Monday, December 13, 2010

The mind of Christ

Here's a verse: "I have been given the mind of Christ." (1 Corinthians 2:16)

I am corresponding through email with a woman who is launching a Christian vintage/fashion magazine. It's high fashion, with hoped-for advertisers at the highest price points. Because it's a Christian magazine, it will not feature scantily clad models or profanity or articles about "alternative lifestyles." I want to be encouraging, but when she describes the idea, I think, "It's for Christians who are prudish about sex but not all that concerned about greed."

But who am I to judge? Lee thinks it's a wonderful idea. There are many, many extremely wealthy Christians out there. If they are able to give away 10% or more of their money and still have some left over to buy expensive shoes, what's wrong with that? I am uneasy about it, but that may be because I struggle with greed and a love of materialism myself. It affects me more than "sexual sin," so I'm more offended by it. It's also easy for me to poo-poo fashion, because I'm just not that interested in it.

But the last thing I want to do is discourage this woman, who says she has a real heart for this.

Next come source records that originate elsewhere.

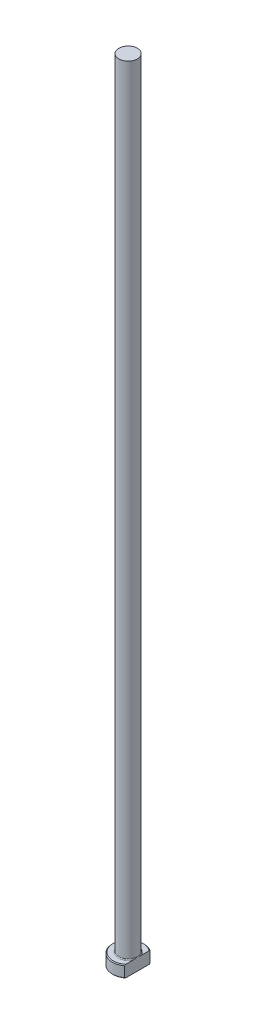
from build123d import *
from build123d.topology import SkipClean

# Parameters (mm, degrees)
CHAMFER1_SIZE = 0.2
FILLET1_R     = 0.2
KEY_DEPTH     = 201.079984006


with BuildPart() as part:
    # Sketch1 → Revolve1 (revolve)
    with BuildSketch(Plane.XY, mode=Mode.PRIVATE) as revolve1_sk:
        Polygon((0, 0), (-4, 0), (-4, 3), (-2.35, 3), (-2.35, 200), (0, 200), align=None)
    revolve(revolve1_sk.sketch.rotate(Axis((0, 259.958771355, 0), (0, -1, 0)), 270), axis=Axis((0, 259.958771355, 0), (0, -1, 0)))

    # Chamfer1
    chamfer1_edges = [part.edges().sort_by_distance(p)[0] for p in [
        (0, 3, -4),
        (0, 0, -4),
    ]]
    chamfer(chamfer1_edges, length=CHAMFER1_SIZE)

    # Fillet1
    fillet1_edges = [part.edges().sort_by_distance(p)[0] for p in [
        (0, 3, -2.35),
    ]]
    fillet(fillet1_edges, radius=FILLET1_R)

    # Sketch2 → KEY (cut, through all)
    with SkipClean():  # the faces are left unmerged after this step: merging them gives an invalid solid
        with BuildSketch(Plane(origin=(0, 0, 0), x_dir=(1, 0, 0), z_dir=(0, 1, 0))):
            with BuildLine():
                Line((2.35, 3.236896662), (2.35, -3.236896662))
                ThreePointArc((2.35, -3.236896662), (4, 0), (2.35, 3.236896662))
            make_face()
        extrude(amount=KEY_DEPTH, mode=Mode.SUBTRACT)


solid = part.part

Lord, You say that "I have received the Spirit of God into my life that I might know the things freely given to me by God." And that "I have been given the mind of Christ." I have been praying for an opportunity to write a book that glorifies You. I want to glorify You in my work, but I am also so selfish and judgmental! I want to write about You, but I don't want to take a pay cut. I am no better than the "greedy Christians" I shake my head at. But I also have the mind of Christ. I recognize what's right, even if I don't exactly embody it. I depend on You to give me the strength to take risks. I don't know what that means yet, though.


I pray for my family's safe travel this week. I pray for a spirit of peace and calm over us these next two weeks, as we live together and interact with one another. I pray that You'll show me how to be a peacemaker and give me the patience to do it. I pray that You will keep me calm as I figure out how to get everything done.


I pray that Sara will have an experience with Jesus by February 5. 


Please protect us from illness. Thank you for...everything.